Il se peut que tous ces quais, et ces maisons, et ces Anglais puissent faire fort bien quelque part. Mais assurément pas ici, dans cette nature étrangement grandiose et en même temps harmonieuse et douce. Quand je fus dans ma chambre et que j’eus ouvert ma fenêtre sur le lac, la beauté de ses eaux, des montagnes et du ciel m’éblouit d’abord et m’agita infiniment. Je ressentis une inquiétude intérieure et le besoin de dire à quelqu’un tout ce qui emplissait mon âme. Et j’eus voulu, à ce moment-là, presser quelqu’un sur ma poitrine, le presser, lui faire, à lui ou à moi, quelque chose d’extraordinaire.

Il était sept heures du soir. La pluie avait tombé toute la journée et maintenant seulement le ciel s’éclaircissait. Le lac, bleu comme la flamme du soufre, avec les points que formaient les bateaux, s’étendait immobile et comme bordé entre les rives vertes et variées. Il partait en avant, se serrant entre deux saillies de montagne ; puis, plus foncé, s’appuyait et disparaissait entre des roches, des nuages et des glaciers entassés les uns sur les autres. Au premier plan, des rivages humides, vert clair, s’en allaient avec leurs roseaux, leurs prairies, leurs jardins, leurs villas. Plus loin, des saillies vert sombre portant des ruines féodales ; et tout au fond la montagne lointaine, d’un bleu mauve, avec l’étrangeté des cimes rocailleuses et d’un blanc mat. Le tout inondé de l’azur transparent et doux de l’atmosphère, et éclairé par les rayons chauds du couchant qui filtraient parmi les déchirures du ciel. Ni sur le lac, ni sur les montagnes, nulle part une ligne entière, nulle une couleur entière ; nulle part deux moments identiques : partout le mouvement, l’asymétrie, la bizarrerie, un mélange infini d’ombres et de lignes et, en même temps, le calme, la douceur, l’unité et le désir d’un Beau absolu.

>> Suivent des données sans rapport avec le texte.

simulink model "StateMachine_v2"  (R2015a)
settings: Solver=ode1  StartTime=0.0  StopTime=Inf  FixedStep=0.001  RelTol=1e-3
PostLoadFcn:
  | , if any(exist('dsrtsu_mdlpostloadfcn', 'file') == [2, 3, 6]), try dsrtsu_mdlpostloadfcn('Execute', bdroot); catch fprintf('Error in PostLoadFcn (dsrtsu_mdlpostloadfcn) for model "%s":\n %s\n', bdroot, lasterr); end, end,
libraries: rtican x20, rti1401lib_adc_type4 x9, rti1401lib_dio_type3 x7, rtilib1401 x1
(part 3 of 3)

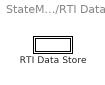
== system StateMachine_v2/RTI Data ==
  RTI Data Store : Subsystem  Tag="struct('private',struct('version',struct('dsVer',uint32(2),'dsVerCreation',uint32(2),'RTI',struct('ver','7.5','type','RTI1401')),'access',struct('type','Model','isPerm',1,'created',['26-Apr-2016 20:18:34'],'modified',['10-May-2016 14:11:22'],'location','')),'public',struct('main',struct('data',[]),'sub',struct('name',{{'StateMachine_v2'}},'data',{{struct('TH',struct('thTaskInfo',struct('taskType',{'TIMER','HWINT','TMRINT','SWINT','GLINT'},'tasksNumOf',{3,0,0,0,0},'srcIds',{{'TIMERA','TIMERA2','TIMERA3'},{},{},{},{}},'taskNames',{{['Timer Task 1'],['Timer Task 2'],['Timer Task 3']},{},{},{},{}})),'th_tc',struct('dataType',{'TASK','TASK','TASK'},'taskGroupId',{'','',''},'taskGroupList',{{},{},{}},'taskSchedulingPolicy',{'FCFS','FCFS','FCFS'},'taskType',{'TIMER','TIMER','TIMER'},'blkh',{-1,-1,-1},'srcId',{'TIMERA','TIMERA2','TIMERA3'},'srcSgnName',{['Timer A interrupt'],['Timer Task 1'],['Timer Task 1']},'srcCpuName',{'','',''},'taskName',{['Timer Task 1  [0.001] s'],['Timer Task 2  [0.01] s'],['Timer Task 3  [0.1] s']},'taskNameDisplayExt',{'','',''},'smplTime',{0.001,0.01,0.1},'smplTimeOffs',{0,0,0},'hasFixedPriority',{0,0,0},'priority',{1,2,3},'hasFixedOvc',{0,0,0},'ovcType',{1,1,1},'ovcMax',{1,1,1}),'tc_th',struct('dataType',{'TASK','TASK','TASK'},'taskGroupId',{'','',''},'taskGroupList',{{},{},{}},'taskSchedulingPolicy',{'FCFS','FCFS','FCFS'},'taskType',{'TIMER','TIMER','TIMER'},'blkh',{-1,-1,-1},'srcId',{'TIMERA','TIMERA2','TIMERA3'},'srcSgnName',{['Timer A interrupt'],['Timer Task 1'],['Timer Task 1']},'srcCpuName',{'','',''},'taskName',{['Timer Task 1  [0.001] s'],['Timer Task 2  [0.01] s'],['Timer Task 3  [0.1] s']},'taskNameDisplayExt',{'','',''},'smplTime',{0.001,0.01,0.1},'smplTimeOffs',{0,0,0},'hasFixedPriority',{0,0,0},'priority',{1,2,3},'hasFixedOvc',{0,0,0},'ovcType',{1,1,1},'ovcMax',{1,1,1}))}})))"  mask(RTI_DATA_STORE){}
      mask help:
      | RTI Data Store Block. This block is used by RTI to store internal model dependent data. Deleting this block will result in data loss.
      |
      | NEVER DELETE, COPY, OR MODIFY THIS BLOCK!
      mask Help:
      | RTI Data Store Block. This block is used by RTI to store internal model dependent data. Deleting this block will result in data loss.
      | 
      | NEVER DELETE, COPY, OR MODIFY THIS BLOCK!
      mask Display: text(0.5, 0.5, ' ', 'HorizontalAlignment', 'center');

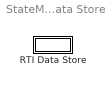
== system StateMachine_v2/RTI Data/RTI Data Store ==
  RTI Data Store : Subsystem  mask(RTI_DATA_STORE){}
      mask help:
      | RTI Data Store Block. This block is used by RTI to store internal model dependent data. Deleting this block will result in data loss.
      |
      | NEVER DELETE, COPY, OR MODIFY THIS BLOCK!
      mask Help:
      | RTI Data Store Block. This block is used by RTI to store internal model dependent data. Deleting this block will result in data loss.
      | 
      | NEVER DELETE, COPY, OR MODIFY THIS BLOCK!
      mask Display: text(0.5, 0.5, ' ', 'HorizontalAlignment', 'center');

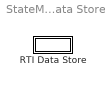
== system StateMachine_v2/RTI Data/RTI Data Store/RTI Data Store ==
  RTI Data Store : Subsystem  mask(RTI_DATA_STORE){}
      mask help:
      | RTI Data Store Block. This block is used by RTI to store internal model dependent data. Deleting this block will result in data loss.
      |
      | NEVER DELETE, COPY, OR MODIFY THIS BLOCK!
      mask Help:
      | RTI Data Store Block. This block is used by RTI to store internal model dependent data. Deleting this block will result in data loss.
      | 
      | NEVER DELETE, COPY, OR MODIFY THIS BLOCK!
      mask Display: text(0.5, 0.5, ' ', 'HorizontalAlignment', 'center');

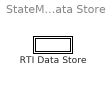
== system StateMachine_v2/RTI Data/RTI Data Store/RTI Data Store/RTI Data Store ==
  RTI Data Store : Subsystem  mask(RTI_DATA_STORE){}
      mask help:
      | RTI Data Store Block. This block is used by RTI to store internal model dependent data. Deleting this block will result in data loss.
      |
      | NEVER DELETE, COPY, OR MODIFY THIS BLOCK!
      mask Help:
      | RTI Data Store Block. This block is used by RTI to store internal model dependent data. Deleting this block will result in data loss.
      | 
      | NEVER DELETE, COPY, OR MODIFY THIS BLOCK!
      mask Display: text(0.5, 0.5, ' ', 'HorizontalAlignment', 'center');

== system StateMachine_v2/RTI Data/RTI Data Store/RTI Data Store/RTI Data Store/RTI Data Store ==

== stateflow chart StateMachine_v2/DMC1 ==
  note: dSpace en DMC krijgen stroom doordat LV switch wordt omgedraaid
  state CheckCAN
    entry: status = 0;
    entry: EnableRq = 0;
    entry: ClrErr = 0;
  note: Juiste bericht wordt opgesteld en voor de eerste keer verzonden door de dSpace
      | DMC zendt voor de eerste keer zijn berichten
  note: dSpace kijkt of hoe alle CAN berichten voor de eerste keer heeft ontvangen
  state InitialErrorClearing
    entry: status = 1;
    entry: EnableRq = 0;
    entry: ClrErr = 1;
  note: Alle berichten eens ontvangen, dus error clearen door van 0 -> 1 te zetten
  state Error
    entry: status = 2;
    entry: EnableRq = 0;
    entry: ClrErr = 0;
  note: Conditie dat beide AIRs zijn gesloten
  state ErrorFreeFrame
    state Offline
      entry: status = 4;
      entry: EnableRq = 0;
    state TimerOn
    state TimerOff
    state InitialisationRTD
      entry: status = 5;
      entry: EnableRq = 1;
      entry: ClrErr = 0;
    state RTD
      entry: status = 6;
      entry: EnableRq = 1;
    TimerOff -> Offline [order 2] : after(1,sec)
    Offline -> TimerOn : [ReadyBit == 1 && GreenButton == 1 && Brake > 50]
    TimerOn -> Offline [order 2] : [GreenButton == 0 || Brake < 50]
    TimerOn -> InitialisationRTD [order 1] : after (2,sec)
    RTD -> TimerOff : [RedButton == 1]
    TimerOff -> RTD [order 1] : [RedButton == 0]
    InitialisationRTD -> RTD : [RunningBit == 1]
  state Reset
    entry: status = 3;
    entry: EnableRq = 0;
    entry: ClrErr = 1;
  (default) -> CheckCAN
  CheckCAN -> InitialErrorClearing : [InitialMsg == 1]
  InitialErrorClearing -> Error : [after(1,sec)]
  ErrorFreeFrame -> Error : [GenErr == 1]
  Error -> Reset [order 2] : [AllowReset == 1]
  Error -> Offline [order 1] : [GenErr == 0]
  Reset -> InitialisationRTD : after(1,sec)
  data: ClrErr output; ReadyBit input; RunningBit input; GenErr input; AllowReset input; GreenButton input; RedButton input; Brake input; EnableRq output; status output; InitialMsg input

== matlab function StateMachine_v2/MATLAB Function ==
  data: u input; y output; Vin input
function y = omzetter(u,Vin)
%#codegen

y = 3435/(log((u*0.1)/(Vin-u))+11.521046)-273.15;

== stateflow chart StateMachine_v2/DMC2 ==
  note: dSpace en DMC krijgen stroom doordat LV switch wordt omgedraaid
  state CheckCAN
    entry: status = 0;
    entry: EnableRq = 0;
    entry: ClrErr = 0;
  note: Juiste bericht wordt opgesteld en voor de eerste keer verzonden door de dSpace
      | DMC zendt voor de eerste keer zijn berichten
  note: dSpace kijkt of hoe alle CAN berichten voor de eerste keer heeft ontvangen
  state InitialErrorClearing
    entry: status = 1;
    entry: EnableRq = 0;
    entry: ClrErr = 1;
  note: Alle berichten eens ontvangen, dus error clearen door van 0 -> 1 te zetten
  state Error
    entry: status = 2;
    entry: EnableRq = 0;
    entry: ClrErr = 0;
  note: Conditie dat beide AIRs zijn gesloten
  state ErrorFreeFrame
    state Offline
      entry: status = 4;
      entry: EnableRq = 0;
    state TimerOn
    state TimerOff
    state InitialisationRTD
      entry: status = 5;
      entry: EnableRq = 1;
      entry: ClrErr = 0;
    state RTD
      entry: status = 6;
      entry: EnableRq = 1;
    TimerOff -> Offline [order 2] : after(1,sec)
    Offline -> TimerOn : [ReadyBit == 1 && GreenButton == 1 && Brake > 50]
    TimerOn -> Offline [order 2] : [GreenButton == 0 || Brake < 50]
    TimerOn -> InitialisationRTD [order 1] : after (2,sec)
    RTD -> TimerOff : [RedButton == 1]
    TimerOff -> RTD [order 1] : [RedButton == 0]
    InitialisationRTD -> RTD : [RunningBit == 1]
  state Reset
    entry: status = 3;
    entry: EnableRq = 0;
    entry: ClrErr = 1;
  (default) -> CheckCAN
  CheckCAN -> InitialErrorClearing : [InitialMsg == 1]
  InitialErrorClearing -> Error : [after(1,sec)]
  ErrorFreeFrame -> Error : [GenErr == 1]
  Error -> Reset [order 2] : [AllowReset == 1]
  Error -> Offline [order 1] : [GenErr == 0]
  Reset -> InitialisationRTD : after(1,sec)
  data: ClrErr output; ReadyBit input; RunningBit input; GenErr input; AllowReset input; GreenButton input; RedButton input; Brake input; EnableRq output; status output; InitialMsg input

== matlab function StateMachine_v2/MATLAB Function1 ==
  data: u input; y output; Vin input
function y = omzetter(u,Vin)
%#codegen

y = 3435/(log((u*0.1)/(Vin-u))+11.521046)-273.15;

== matlab function StateMachine_v2/MATLAB Function2 ==
  data: u input; y output; Vin input
function y = omzetter(u,Vin)
%#codegen

y = 3435/(log((u*0.1)/(Vin-u))+11.521046)-273.15;

== matlab function StateMachine_v2/MATLAB Function3 ==
  data: u input; y output; Vin input
function y = omzetter(u,Vin)
%#codegen

y = 3435/(log((u*0.1)/(Vin-u))+11.521046)-273.15;

== matlab function StateMachine_v2/MATLAB Function4 ==
  data: u input; y output; Vin input
function y = omzetter(u,Vin)
%#codegen

y = 3435/(log((u*0.1)/(Vin-u))+11.521046)-273.15;

== matlab function StateMachine_v2/MATLAB Function5 ==
  data: u input; y output; Vin input
function y = omzetter(u,Vin)
%#codegen

y = 3435/(log((u*0.1)/(Vin-u))+11.521046)-273.15;

== matlab function StateMachine_v2/MATLAB Function6 ==
  data: u input; y output; Vin input
function y = omzetter(u,Vin)
%#codegen

y = 3435/(log((u*0.1)/(Vin-u))+11.521046)-273.15;

== matlab function StateMachine_v2/MATLAB Function7 ==
  data: u input; y output; Vin input
function y = omzetter(u,Vin)
%#codegen

y = 3435/(log((u*0.1)/(Vin-u))+11.521046)-273.15;

Et cependant, dans cette beauté indéterminée, enchevêtrée et libre, ici, devant mes fenêtres, s’allongeait stupidement, artificiellement, la blanche ligne du quai, les tuteurs des tilleuls, les bancs verts, toute l’œuvre humaine pauvre et bête. Bien loin de se perdre, comme les villas et les ruines, dans la belle harmonie de l’ensemble, tout cela allait grossièrement à l’encontre de cette harmonie.

Sans cesse et involontairement mon regard se heurtait à l’horreur de cette ligne droite ; j’eusse voulu l’anéantir, l’effacer comme on ferait pour une tache noire qu’on a sur le nez et qui vous fait clignoter. Mais le quai, avec les Anglais en promenade, restait bien là et malgré moi je cherchais un point de vue où il ne m’incommoderait pas. J’arrivai enfin à bien contempler et jusqu’au dîner je pus jouir de ce sentiment doucement languide, mais incomplet, qu’on éprouve dans la contemplation solitaire des beautés de la nature.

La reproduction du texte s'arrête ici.